NONLINEAR CONSTITUTIVE RELATIONS FOR MAGNETOSTRICTIVE MATERIALS

给出了磁致伸缩材料的两个非线性本构关系，即标准平方型和双曲正切型．在确定一维问题的本构系数时，基于已有的实验结果，引进一个材料函数，用来描述磁致伸缩材料的压磁系数随预应力变化的关系．将非线性本构关系的理论模型计算结果与实验曲线对比，结果表明标准平方型本构关系在中低磁场下能精确地模拟实验曲线，而双曲正切型本构关系在高磁场时能反映材料的磁致应变饱和现象．讨论了标准平方型本构的一般三维情形，给出了确定本构系数的方法．

The magnetostrictive materials usually endure a coupled mechanical-magnetic field when they are in application. Their constitutive relation is essentially nonlinear. From the energy balance equation of electric-magnetic body, by means of the Faraday electric-magnetic induction law and the assumption of magnetostatic approximation, we present two nonlinear constitutive relations of magnetostrictive materials which are called Standard Square and Hyperbolic Tangent models, respectively. Basically, the micro-mechanism of magnetostriction can help understand the nonlinearity of magnetostrictive materials and characterize the moduli in the constitutive relation. When a magnetic field is applied, the magnetic domains will switch to the direction parallel to the external magnetic field.
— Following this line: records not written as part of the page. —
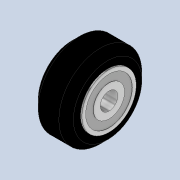
# Autodesk Inventor part: M5 V Wheel
Saved by Autodesk Inventor 2022 (Build 260153000, 153)
## iProperties
Created: 2021-10-14
Part Number: M5 V Wheel
Material: Generic
Document SubType Name: Modeling
Designer: Coy
Density: 1 g/cm^3
Appearance: Chrome - Polished
Author: Coy
Autodesk Inventor part; units mm, degrees
ref_plane "YZ Plane" through (0, 0, 0) normal (1, 0, 0) x (0, 1, 0)
ref_plane "XZ Plane" through (0, 0, 0) normal (0, 1, 0) x (-1, 0, 0)
sketch "Sketch1" plane through (0, 0, 0) normal (1, 0, 0) x (0, 1, 0)
  circle A0 centre (0, 0) radius 2.525
  circle A1 centre (0, 0) radius 7.85
  dimension "d0" = 5.05
  dimension "d1" = 15.7
  constraints: 2 centre point, 2 coincident
  measures "d0" diameter of A0
  measures "d1" diameter of A1
extrude "Extrusion1" add sketch "Sketch1" against normal blind 11
sketch "Sketch2" plane through (0, 0, 0) normal (1, 0, 0) x (0, 0, -1)
  circle A0 centre (0, 0) radius 4.5
  circle A1 centre (0, 0) radius 6.75
  dimension "d4" = 9
  dimension "d5" = 13.5
  constraints: 2 centre point, 2 coincident
  measures "d4" diameter of A0
  measures "d5" diameter of A1
extrude "Extrusion2" cut sketch "Sketch2" against normal blind 0.1
sketch "Sketch3" plane through (-11, 0, 0) normal (-1, 0, 0) x (0, 0, 1)
  circle A0 centre (0, 0) radius 6.75 projected
  circle A1 centre (0, 0) radius 4.5 projected
extrude "Extrusion3" cut sketch "Sketch3" against normal blind 0.1
ref_plane "Work Plane1" through (-0.4, 0, 0) normal (1, 0, 0) x (0, 0, -1)
sketch "Sketch4" plane through (-0.4, 0, 0) normal (1, 0, 0) x (0, 0, -1)
  circle A0 centre (0, 0) radius 7.85 projected
  circle A1 centre (0, 0) radius 12
  dimension "d11" = 24
  constraints: 1 centre point, 1 coincident
  measures "d11" diameter of A1
extrude "Extrusion4" add sketch "Sketch4" against normal blind 10.2
chamfer "Chamfer1" distance 2.1 angle 45 1 edges at (-0.4, 0, 12) measured on face at (-0.4, -1.2727, -10.4814)
chamfer "Chamfer2" distance 2.1 angle 45 1 edges at (-10.6, 0, 12) measured on face at (-10.6, -1.2727, -10.4814)
body "Solid1"
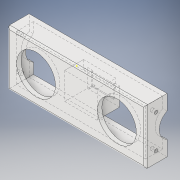
# Autodesk Inventor part: Baseplate
Saved by Autodesk Inventor 2019 (Build 230136000, 136)
## iProperties
Created: 2018-12-23
Part Number: Baseplate
Material: Generic
Document SubType Name: Modeling
Designer: Martin
Density: 1 g/cm^3
Appearance: Default
Author: Martin
Autodesk Inventor part; units mm, degrees
ref_plane "YZ Plane" through (0, 0, 0) normal (1, 0, 0) x (0, 1, 0)
ref_plane "XZ Plane" through (0, 0, 0) normal (0, 1, 0) x (-1, 0, 0)
ref_plane "XY Plane" through (0, 0, 0) normal (0, 0, 1) x (1, 0, 0)
sketch "Sketch2" plane through (0, 0, 0) normal (0, 0, 1) x (1, 0, 0)
  line L0 (-60, 21.25) -> (60, 21.25)
  line L1 (60, 21.25) -> (60, -21.25)
  line L2 (60, -21.25) -> (-60, -21.25)
  line L3 (-60, -21.25) -> (-60, 21.25)
  line L4 (-60, 21.25) -> (60, -21.25) construction
  line L5 (60, 21.25) -> (-60, -21.25) construction
  line L6 (-64, 25.5) -> (64, 25.5)
  line L7 (64, 25.5) -> (64, -25.5)
  line L8 (64, -25.5) -> (-64, -25.5)
  line L9 (-64, -25.5) -> (-64, 25.5)
  line L10 (-64, 25.5) -> (64, -25.5) construction
  line L11 (64, 25.5) -> (-64, -25.5) construction
  line L12 (-15, 12.5) -> (15, 12.5)
  line L13 (15, 12.5) -> (15, -12.5)
  line L14 (15, -12.5) -> (-15, -12.5)
  line L15 (-15, -12.5) -> (-15, 12.5)
  line L16 (-15, 12.5) -> (15, -12.5) construction
  line L17 (15, 12.5) -> (-15, -12.5) construction
  circle A0 centre (37.5, 0) radius 18
  circle A1 centre (-37.5, 0) radius 18
  point P0 (0, 0)
  point P1 (0, 0)
  dimension "d0" = 120
  dimension "d1" = 42.5
  dimension "d2" = 60
  dimension "d3" = 21.25
  dimension "d4" = 128
  dimension "d5" = 51
  dimension "d28" = 30
  dimension "d29" = 25
  dimension "d32" = 45
  dimension "d33" = 36
  dimension "d34" = 22.5
  dimension "d35" = 45
  dimension "d36" = 36
  dimension "d37" = 22.5
  dimension "d38" = 21.25
  dimension "d39" = 21.25
  constraints: 36 end point, 6 midpoint, 6 parallel, 3 horizontal, 3 perpendicular, 2 centre point
  measures "d0" distance of L0.start L0.end
  measures "d1" distance of L2.end L0.start
  measures "d2" distance from line of point (0, 0) L3
  measures "d3" distance from line of point (0, 0) L2
  measures "d4" distance of L7.end L8.end
  measures "d5" distance of L6.end L7.end
  measures "d28" distance of L12.start L12.end
  measures "d29" distance of L12.end L13.end
  measures "d32" distance between parallel lines of L13 L1
  measures "d33" diameter of A0
  measures "d34" distance from line of A0.centre L1
  measures "d35" distance between parallel lines of L15 L3
  measures "d36" diameter of A1
  measures "d37" distance from line of L3 A1.centre
  measures "d38" distance from line of L2 A1.centre
  measures "d39" distance from line of L2 A0.centre
extrude "Extrusion1" add sketch "Sketch2" against normal blind 4 contours L0 L1 L2 L3 | L12 L13 L14 L15 | A0 | A1
extrude "Extrusion2" add sketch "Sketch2" against normal blind 20 contours L6 L7 L8 L9
fillet "Fillet1" radius 2 4 edges at (-64, 0, 0) (0, 25.5, 0) (64, 0, 0) (0, -25.5, 0)
sketch "Sketch3" plane through (-64, -25.5, -20) normal (-1, 0, 0) x (0, 0, 1)
  line L0 (16, 4.25) -> (16, 46.75) projected
  line L1 (16, 4.25) -> (-26.5, 4.25)
  line L2 (-26.5, 4.25) -> (-26.5, 46.75)
  line L3 (-26.5, 46.75) -> (16, 46.75)
  line L4 (16, 46.75) -> (16, 4.25)
  circle A0 centre (-5.25, 25.5) radius 11 construction
  circle A1 centre (-5.25, 25.5) radius 12.5
  circle A2 centre (10.25, 10) radius 1.5
  circle A3 centre (10.25, 41) radius 1.5
  point P0 (20, 25.5)
  dimension "d11" = 42.5
  dimension "d12" = 22
  dimension "d13" = 25
  dimension "d16" = 3
  dimension "d17" = 3
  dimension "d19" = 15.5
  dimension "d20" = 21.25
  dimension "d21" = 42.5
  dimension "d22" = 21.25
  dimension "d23" = 15.5
  dimension "d24" = 15.5
  dimension "d25" = 15.5
  constraints: 8 end point, 4 centre point, 2 parallel, 1 coincident, 1 horizontal, 1 perpendicular
  measures "d11" distance of L2.end L3.end
  measures "d12" diameter of A0
  measures "d13" diameter of A1
  measures "d16" diameter of A2
  measures "d17" diameter of A3
  measures "d19" horizontal distance of A2.centre A0.centre
  measures "d20" distance from line of A0.centre L1
  measures "d21" distance between parallel lines of L3 L1
  measures "d22" distance from line of L0 A0.centre
  measures "d23" horizontal distance of A2.centre A0.centre
  measures "d24" horizontal distance of A3.centre A0.centre
  measures "d25" horizontal distance of A3.centre A0.centre
extrude "Extrusion3" cut sketch "Sketch3" against normal blind 150 contours A1
sketch "Sketch5" plane through (-64, 25.5, -20) normal (0, 1, 0) x (1, 0, 0)
  point P0 (64, -20)
extrude "Extrusion4" cut sketch "Sketch3" against normal blind 150 contours A2 | A3
extrude "Extrusion5" add sketch "Sketch2" against normal blind 24 contours L12 L13 L14 L15
extrude "Extrusion6" cut sketch "Sketch2" against normal blind 24 contours A0 | A1
sketch "Sketch6" plane through (0, 0, -24) normal (0, 0, -1) x (-1, 0, 0)
  line L0 (-10.3, 8) -> (10.3, 8)
  line L1 (10.3, 8) -> (10.3, -8)
  line L2 (10.3, -8) -> (-10.3, -8)
  line L3 (-10.3, -8) -> (-10.3, 8)
  line L4 (-10.3, 8) -> (10.3, -8) construction
  line L5 (10.3, 8) -> (-10.3, -8) construction
  line L6 (-15, -12.5) -> (-15, 12.5) projected
  line L7 (15, -12.5) -> (-15, -12.5) projected
  line L8 (-15, 12.5) -> (15, 12.5)
  line L9 (15, 12.5) -> (15, -12.5)
  line L10 (15, -12.5) -> (-15, -12.5)
  line L11 (-15, -12.5) -> (-15, 12.5)
  line L12 (15, 12.5) -> (15, -12.5) projected
  line L13 (-15, 12.5) -> (15, 12.5)
  line L14 (15, 12.5) -> (15, 4.5)
  line L15 (15, 4.5) -> (-15, 4.5)
  line L16 (-15, 4.5) -> (-15, 12.5)
  point P0 (0, 0)
  dimension "d42" = 20.6
  dimension "d43" = 16
  dimension "d46" = 12.5
  constraints: 28 end point, 6 parallel, 3 horizontal, 3 perpendicular, 2 midpoint, 1 point on line
  measures "d42" distance of L1.end L2.end
  measures "d43" distance of L0.end L1.end
  measures "d46" distance between parallel lines of L2 L15
extrude "Extrusion7" add sketch "Sketch6" along normal blind 1 contours L3 L15 L6 L8 L9 L1 L0 | L3 L2 L1 L15 L9 L7 L6
extrude "Extrusion8" cut sketch "Sketch6" along normal mid plane 5 contours L3 L15 L6 L8 L9 L1 L0 | L0 L1 L15 L3
sketch "Sketch7" plane through (0, 0, -24) normal (0, 0, -1) x (-1, 0, 0)
  line L0 (10.3, -8) -> (-10.3, -8) projected
  line L1 (10.3, 4.5) -> (-10.3, 4.5) projected
  line L2 (10.3, -8) -> (-10.3, -8)
  line L3 (-10.3, -8) -> (-10.3, 4.5)
  line L4 (-10.3, 4.5) -> (10.3, 4.5)
  line L5 (10.3, 4.5) -> (10.3, -8)
  circle A0 centre (7.3, -5.55) radius 0.5
  circle A1 centre (-7.3, -5.55) radius 0.5
  point P0 (0, 0)
  dimension "d49" = 1
  dimension "d50" = 1
  dimension "d51" = 3
  dimension "d52" = 3
  dimension "d53" = 2.45
  dimension "d54" = 2.45
  dimension "d55" = 14.6
  constraints: 8 end point, 2 centre point, 2 parallel, 1 horizontal, 1 perpendicular
  measures "d49" diameter of A0
  measures "d50" diameter of A1
  measures "d51" distance from line of L5 A0.centre
  measures "d52" distance from line of L3 A1.centre
  measures "d53" distance from line of A0.centre L0
  measures "d54" distance from line of A1.centre L0
  measures "d55" distance of A1.centre A0.centre
extrude "Extrusion9" cut sketch "Sketch7" against normal blind 5 contours A0 | A1
equation "\"d2\" = 0.5 * d0"
equation "\"d3\" = 0.5 * d1"
equation "\"d34\" = 0.5 * d32"
equation "\"d37\" = 0.5 * d35"
equation "\"d38\" = 0.5 * d1"
equation "\"d39\" = 0.5 * d1"
equation "\"d20\" = 0.5 * d21"
equation "\"d21\" = d11"
equation "\"d22\" = 0.5 * d11"
equation "\"d52\" = d51"
equation "\"d54\" = d53"
body "Solid1"
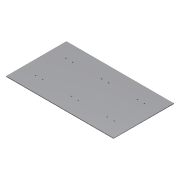
# Autodesk Inventor part: huta
Saved by Autodesk Inventor 2011 SP1 (Build 150282100, 282)
## iProperties
Created: 2012-11-12
Part Number: huta
Document SubType Name: Modeling
Designer: arihon
Density: 1 g/cm^3
Author: arihon
Autodesk Inventor part; units mm, degrees
ref_plane "YZ Plane" through (0, 0, 0) normal (1, 0, 0) x (0, 1, 0)
ref_plane "XZ Plane" through (0, 0, 0) normal (0, 1, 0) x (-1, 0, 0)
ref_plane "XY Plane" through (0, 0, 0) normal (0, 0, 1) x (1, 0, 0)
sketch "スケッチ1" plane through (0, 0, 0) normal (0, 0, 1) x (1, 0, 0)
  line L0 (-147, 82.5) -> (147, 82.5)
  line L1 (147, 82.5) -> (147, -82.5)
  line L2 (147, -82.5) -> (-147, -82.5)
  line L3 (-147, -82.5) -> (-147, 82.5)
  point P0 (0, 0)
  dimension "d0" = 294
  dimension "d1" = 165
  dimension "d2" = 147
  dimension "d3" = 82.5
  constraints: 8 end point, 2 parallel, 1 horizontal, 1 perpendicular
  measures "d0" distance of L1.end L2.end
  measures "d1" distance of L2.end L0.start
  measures "d2" distance from line of L3 point (0, 0)
  measures "d3" distance from line of point (0, 0) L0
extrude "押し出し1" add sketch "スケッチ1" along normal blind 2
sketch "スケッチ2" plane through (0, 0, 2) normal (0, 0, 1) x (1, 0, 0)
  line L0 (147, 82.5) -> (147, -82.5) projected
  line L1 (-147, 82.5) -> (147, 82.5) projected
  line L2 (-147, -82.5) -> (-147, 82.5) projected
  line L3 (147, -82.5) -> (-147, -82.5) projected
  line L4 (-147, -82.5) -> (-147, 82.5) projected
  line L5 (-147, 0) -> (147, 0)
  line L6 (-147, 41.25) -> (147, 41.25)
  line L7 (147, -41.25) -> (-147, -41.25)
  line L8 (0, 82.5) -> (0, -82.5)
  line L9 (-98, 82.5) -> (-98, -82.5)
  line L10 (98, 82.5) -> (98, -82.5)
  point P0 (0, 0)
  point P1 (-107.5, 41.25)
  point P2 (-88.5, 41.25)
  point P3 (-9.5, 41.25)
  point P4 (9.5, 41.25)
  point P5 (88.5, 41.25)
  point P6 (107.5, 41.25)
  point P7 (107.5, -41.25)
  point P8 (88.5, -41.25)
  point P9 (9.5, -41.25)
  point P10 (-9.5, -41.25)
  point P11 (-88.5, -41.25)
  point P12 (-107.5, -41.25)
  dimension "d6" = 41.25
  dimension "d7" = 41.25
  dimension "d8" = 98
  dimension "d9" = 98
  dimension "d22" = 19
  dimension "d23" = 9.5
  dimension "d24" = 19
  dimension "d25" = 9.5
  dimension "d26" = 19
  dimension "d27" = 9.5
  dimension "d28" = 19
  dimension "d29" = 9.5
  dimension "d30" = 19
  dimension "d31" = 9.5
  dimension "d32" = 19
  dimension "d33" = 9.5
  constraints: 20 point on line, 12 end point, 4 midpoint, 3 perpendicular, 1 parallel
  measures "d6" distance between parallel lines of L6 L1
  measures "d7" distance between parallel lines of L3 L7
  measures "d8" distance between parallel lines of L8 L9
  measures "d9" distance between parallel lines of L8 L10
  measures "d22" distance of point (-88.5, 41.25) point (-107.5, 41.25)
  measures "d23" distance from line of L9 point (-88.5, 41.25)
  measures "d24" distance of point (9.5, 41.25) point (-9.5, 41.25)
  measures "d25" distance from line of L8 point (9.5, 41.25)
  measures "d26" distance of point (107.5, 41.25) point (88.5, 41.25)
  measures "d27" distance from line of L10 point (107.5, 41.25)
  measures "d28" distance of point (-107.5, -41.25) point (-88.5, -41.25)
  measures "d29" distance from line of point (-88.5, -41.25) L9
  measures "d30" distance of point (9.5, -41.25) point (-9.5, -41.25)
  measures "d31" distance from line of point (9.5, -41.25) L8
  measures "d32" distance of point (107.5, -41.25) point (88.5, -41.25)
  measures "d33" distance from line of L10 point (107.5, -41.25)
hole "Hole1" at (-107.5, 41.25, 2) at (-88.5, 41.25, 2) at (-9.5, 41.25, 2) at (9.5, 41.25, 2) at (88.5, 41.25, 2) at (107.5, 41.25, 2) at (107.5, -41.25, 2) at (88.5, -41.25, 2) at (9.5, -41.25, 2) at (-9.5, -41.25, 2) at (-88.5, -41.25, 2) at (-107.5, -41.25, 2) direction (0, 0, -1) diameter 3.2 end through all
equation "\"d2\" = 0.5 * d0"
equation "\"d3\" = 0.5 * d1"
equation "\"d7\" = d6"
equation "\"d9\" = d8"
equation "\"d23\" = 0.5 * d22"
equation "\"d24\" = d22"
equation "\"d25\" = d23"
equation "\"d26\" = d22"
equation "\"d27\" = d23"
equation "\"d28\" = d22"
equation "\"d29\" = d23"
equation "\"d30\" = d22"
equation "\"d31\" = d23"
equation "\"d32\" = d22"
equation "\"d33\" = d23"

At the same time, the material exhibits elongation in the direction of external magnetic field. Another driving force is the external stress. Upon being applied an external load, the magnetic domains will also switch continuously to the direction perpendicular to the external force. In the meantime, magnetocrystalline anisotropy will retard the rotation of magnetic domains. Thus, the external force must be strong enough to overcome the magnetocrystalline anisotropy effect. There exist different critical stresses for different magnetostrictive materials. To characterize the moduli in the constitutive relations for the one-dimensional problem, we introduce one material function to describe the relation between the external magnetic field associated with the peak piezomagnetic coefficient and the compressive pre-stress based on the published experimental results. The accuracy of the nonlinear constitutive relations is evaluated by comparing the theoretical predictions with experimental results obtained on a Terfenol-D rod operated under both a compressive pre-stress and a bias magnetic field. Results indicate that the Standard Square constitutive relation can accurately predict the experimental results in both the low and the medium magnetic fields, while the Hyperbolic Tangent constitutive relation can reflect the trend of saturation of magnetostrictive strain in the high region of the applied magnetic field. Furthermore, we discuss the Standard Square constitutive relations of the general three-dimension case. For isotropic magnetostrictive materials, a proposed method is presented to characterize the modulus tensors.